Records for the exercise:

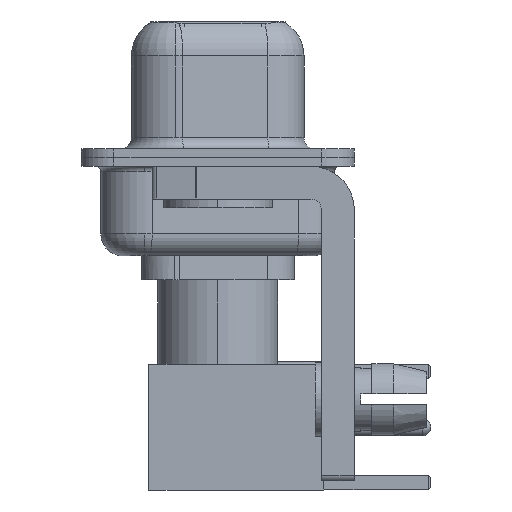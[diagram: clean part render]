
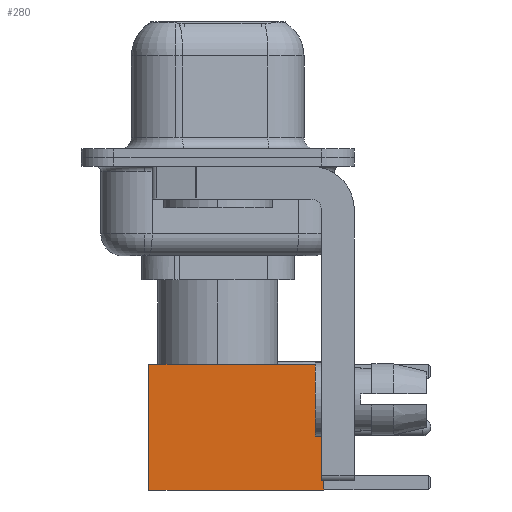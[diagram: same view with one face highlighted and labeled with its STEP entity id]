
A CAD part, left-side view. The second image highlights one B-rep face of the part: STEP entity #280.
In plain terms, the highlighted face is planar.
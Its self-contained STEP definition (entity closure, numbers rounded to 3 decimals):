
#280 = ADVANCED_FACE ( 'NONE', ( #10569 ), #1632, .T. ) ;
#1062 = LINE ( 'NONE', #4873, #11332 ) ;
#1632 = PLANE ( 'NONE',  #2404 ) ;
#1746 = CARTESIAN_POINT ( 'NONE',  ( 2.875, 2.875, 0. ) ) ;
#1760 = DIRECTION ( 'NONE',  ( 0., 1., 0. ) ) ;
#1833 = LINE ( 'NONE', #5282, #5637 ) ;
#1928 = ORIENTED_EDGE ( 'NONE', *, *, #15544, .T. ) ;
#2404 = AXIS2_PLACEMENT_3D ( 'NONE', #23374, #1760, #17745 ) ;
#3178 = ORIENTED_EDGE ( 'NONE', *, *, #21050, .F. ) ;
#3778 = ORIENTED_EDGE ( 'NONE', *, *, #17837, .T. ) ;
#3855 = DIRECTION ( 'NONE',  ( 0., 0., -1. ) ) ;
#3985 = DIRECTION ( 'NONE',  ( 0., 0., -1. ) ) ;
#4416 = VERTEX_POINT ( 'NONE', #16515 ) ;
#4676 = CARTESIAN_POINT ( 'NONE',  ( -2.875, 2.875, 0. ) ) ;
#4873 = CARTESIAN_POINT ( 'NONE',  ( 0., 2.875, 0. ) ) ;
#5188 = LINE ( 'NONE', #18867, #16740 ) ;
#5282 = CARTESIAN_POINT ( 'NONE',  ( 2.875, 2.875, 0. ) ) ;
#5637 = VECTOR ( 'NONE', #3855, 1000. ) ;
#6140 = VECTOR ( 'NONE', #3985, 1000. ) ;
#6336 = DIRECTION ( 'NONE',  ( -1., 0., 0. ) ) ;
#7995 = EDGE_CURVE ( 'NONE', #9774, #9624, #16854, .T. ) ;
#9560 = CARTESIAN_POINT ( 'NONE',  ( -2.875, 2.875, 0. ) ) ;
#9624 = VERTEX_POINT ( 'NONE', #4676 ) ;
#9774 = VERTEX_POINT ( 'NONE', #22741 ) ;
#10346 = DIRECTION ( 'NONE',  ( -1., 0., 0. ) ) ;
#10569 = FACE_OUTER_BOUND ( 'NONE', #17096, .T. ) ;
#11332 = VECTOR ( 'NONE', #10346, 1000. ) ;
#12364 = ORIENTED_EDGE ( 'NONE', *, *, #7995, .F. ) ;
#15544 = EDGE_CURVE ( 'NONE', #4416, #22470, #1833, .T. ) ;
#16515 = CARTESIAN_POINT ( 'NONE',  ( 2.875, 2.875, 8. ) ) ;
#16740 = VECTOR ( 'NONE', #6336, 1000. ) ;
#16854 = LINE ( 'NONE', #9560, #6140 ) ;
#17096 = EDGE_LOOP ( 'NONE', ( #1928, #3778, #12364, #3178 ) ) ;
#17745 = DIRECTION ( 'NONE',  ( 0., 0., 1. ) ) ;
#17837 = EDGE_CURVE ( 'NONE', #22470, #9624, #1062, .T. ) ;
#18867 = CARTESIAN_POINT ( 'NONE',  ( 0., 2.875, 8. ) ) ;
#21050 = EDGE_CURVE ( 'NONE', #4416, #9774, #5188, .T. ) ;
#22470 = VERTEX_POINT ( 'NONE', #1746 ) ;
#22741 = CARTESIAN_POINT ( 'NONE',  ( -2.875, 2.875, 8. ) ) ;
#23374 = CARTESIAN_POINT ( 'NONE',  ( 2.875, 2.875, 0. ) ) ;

Description of the task:
What you return must be the lines above that run from the line with "#2404 = AXIS2_PLACEMENT_3D" to the line with "#5188 = LINE ( 'NONE', #18867, #16740 ) ;", inclusive, each copied exactly.

Written answer:
#2404 = AXIS2_PLACEMENT_3D ( 'NONE', #23374, #1760, #17745 ) ;
#3178 = ORIENTED_EDGE ( 'NONE', *, *, #21050, .F. ) ;
#3778 = ORIENTED_EDGE ( 'NONE', *, *, #17837, .T. ) ;
#3855 = DIRECTION ( 'NONE',  ( 0., 0., -1. ) ) ;
#3985 = DIRECTION ( 'NONE',  ( 0., 0., -1. ) ) ;
#4416 = VERTEX_POINT ( 'NONE', #16515 ) ;
#4676 = CARTESIAN_POINT ( 'NONE',  ( -2.875, 2.875, 0. ) ) ;
#4873 = CARTESIAN_POINT ( 'NONE',  ( 0., 2.875, 0. ) ) ;
#5188 = LINE ( 'NONE', #18867, #16740 ) ;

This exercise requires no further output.